Prompt — Every line in the records below that holds the word "Nylon" is to be copied.

Source data —
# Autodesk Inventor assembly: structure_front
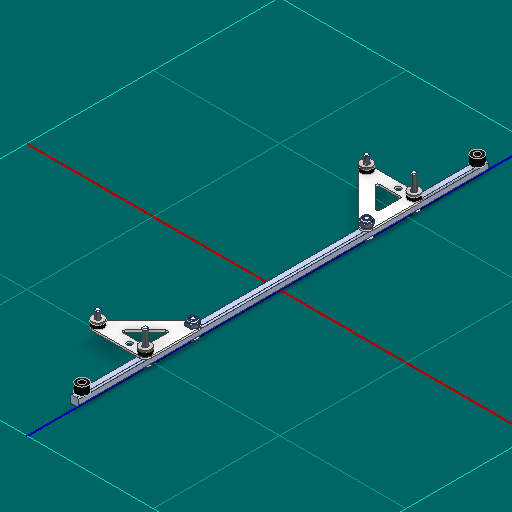
[picture p0: Inventor's stored thumbnail of the model, 512x512]
Saved by Autodesk Inventor 2025 (Build 290162000, 162)
## iProperties
Created: 2024-08-21
Part Number: structure_front
Document SubType Name: Assembly
Designer: averey
Author: averey
## Documents named in this file (12)
- C:\Users\avere\vex_robotics_high_stakes\hardware\cad\bots\ENIGMA\chassis\drivetrain\structure\structure_front.iam
- C:\Users\avere\vex_robotics_high_stakes\hardware\cad\bots\ENIGMA\chassis\drivetrain\structure\custom_parts\hs_crossbrace.ipt
- C:\Users\avere\vex_robotics_high_stakes\hardware\cad\bots\ENIGMA\chassis\drivetrain\structure\custom_parts\right_angle_gusset.ipt
- C:\Users\avere\vex_robotics_high_stakes\hardware\cad\VEX-CAD-Inventor\Structure\Hardware\Screw Steel - Star.ipt
- C:\Users\avere\vex_robotics_high_stakes\hardware\cad\VEX-CAD-Inventor\Motion\Spacers\Spacer Nylon .375 OD\NSpacer .375 OD x .125.ipt
- C:\Users\avere\vex_robotics_high_stakes\hardware\cad\VEX-CAD-Inventor\Motion\Spacers\Spacer Nylon .375 OD.ipt
- C:\Users\avere\vex_robotics_high_stakes\hardware\cad\VEX-CAD-Inventor\Motion\Spacers\Washer Steel\SWasher .375 OD x .062500.ipt
- C:\Users\avere\vex_robotics_high_stakes\hardware\cad\VEX-CAD-Inventor\Motion\Spacers\Washer Steel.ipt
- C:\Users\avere\vex_robotics_high_stakes\hardware\cad\VEX-CAD-Inventor\Motion\Spacers\Spacer Nylon .375 OD\NSpacer .375 OD x .250.ipt
- C:\Users\avere\vex_robotics_high_stakes\hardware\cad\VEX-CAD-Inventor\Structure\Hardware\Screw Steel - Star\SScrew Star Smooth .500.ipt
- C:\Users\avere\vex_robotics_high_stakes\hardware\cad\VEX-CAD-Inventor\Structure\Hardware\Nut Thin Nylock.ipt
- C:\Users\avere\vex_robotics_high_stakes\hardware\cad\VEX-CAD-Inventor\Structure\Hardware\Screw Steel - Star\SScrew Star Smooth 1.000.ipt
## Components (21 placed, 8 different names)
1. hs_crossbrace:1 — Mate:1, Insert:1, Mate:2, Insert:2, Mate:3, Insert:15, Insert:16, Insert:23, Insert:24, Insert:27, Insert:28
2. right_angle_gusset:1 — Insert:1, Mate:2, Insert:14, Insert:18, Insert:21, Insert:26
3. right_angle_gusset:2 — Insert:2, Mate:3, Insert:10, Insert:20, Insert:22, Insert:25
4. NSpacer .375 OD x .125:3 — Insert:10
5. SWasher .375 OD x .062500:2
6. NSpacer .375 OD x .125:5 — Insert:14
7. SWasher .375 OD x .062500:4
8. NSpacer .375 OD x .250:6 — Insert:15
9. NSpacer .375 OD x .250:7 — Insert:16
10. NSpacer .375 OD x .125:8 — Insert:18
11. SWasher .375 OD x .062500:5
12. NSpacer .375 OD x .125:9 — Insert:20
13. SWasher .375 OD x .062500:6
14. SScrew Star Smooth .500:6 — Insert:21
15. SScrew Star Smooth .500:7 — Insert:22
16. SScrew Star Smooth .500:8 — Insert:23
17. SScrew Star Smooth .500:9 — Insert:24
18. Nut Thin Nylock:1 — Insert:25
19. Nut Thin Nylock:2 — Insert:26
20. SScrew Star Smooth 1.000:10 — Insert:27
21. SScrew Star Smooth 1.000:11 — Insert:28
## Relationships (23: Insert 20, Mate 3)
- Mate:1 (-165.1 mm): hs_crossbrace:1
- Insert:1: hs_crossbrace:1 ↔ right_angle_gusset:1
- Mate:2: hs_crossbrace:1 ↔ right_angle_gusset:1
- Insert:2: hs_crossbrace:1 ↔ right_angle_gusset:2
- Mate:3: hs_crossbrace:1 ↔ right_angle_gusset:2
- [Insert]: NSpacer .375 OD x .125:3 ↔ SWasher .375 OD x .062500:2
- Insert:10: right_angle_gusset:2 ↔ NSpacer .375 OD x .125:3
- [Insert]: NSpacer .375 OD x .125:5 ↔ SWasher .375 OD x .062500:4
- Insert:14: right_angle_gusset:1 ↔ NSpacer .375 OD x .125:5
- Insert:15: hs_crossbrace:1 ↔ NSpacer .375 OD x .250:6
- Insert:16: hs_crossbrace:1 ↔ NSpacer .375 OD x .250:7
- [Insert]: NSpacer .375 OD x .125:8 ↔ SWasher .375 OD x .062500:5
- Insert:18: right_angle_gusset:1 ↔ NSpacer .375 OD x .125:8
- [Insert]: NSpacer .375 OD x .125:9 ↔ SWasher .375 OD x .062500:6
- Insert:20: right_angle_gusset:2 ↔ NSpacer .375 OD x .125:9
- Insert:21: right_angle_gusset:1 ↔ SScrew Star Smooth .500:6
- Insert:22: right_angle_gusset:2 ↔ SScrew Star Smooth .500:7
- Insert:23: hs_crossbrace:1 ↔ SScrew Star Smooth .500:8
- Insert:24: hs_crossbrace:1 ↔ SScrew Star Smooth .500:9
- Insert:25: right_angle_gusset:2 ↔ Nut Thin Nylock:1
- Insert:26: right_angle_gusset:1 ↔ Nut Thin Nylock:2
- Insert:27: hs_crossbrace:1 ↔ SScrew Star Smooth 1.000:10
- Insert:28: hs_crossbrace:1 ↔ SScrew Star Smooth 1.000:11
## Named parameters: d11_d9 = 0 mm, d14_d9 = 0 mm, d19_d14_d9 = 0 mm, d21_d14_d9 = 0 mm

Response —
- C:\Users\avere\vex_robotics_high_stakes\hardware\cad\VEX-CAD-Inventor\Motion\Spacers\Spacer Nylon .375 OD\NSpacer .375 OD x .125.ipt
- C:\Users\avere\vex_robotics_high_stakes\hardware\cad\VEX-CAD-Inventor\Motion\Spacers\Spacer Nylon .375 OD.ipt
- C:\Users\avere\vex_robotics_high_stakes\hardware\cad\VEX-CAD-Inventor\Motion\Spacers\Spacer Nylon .375 OD\NSpacer .375 OD x .250.ipt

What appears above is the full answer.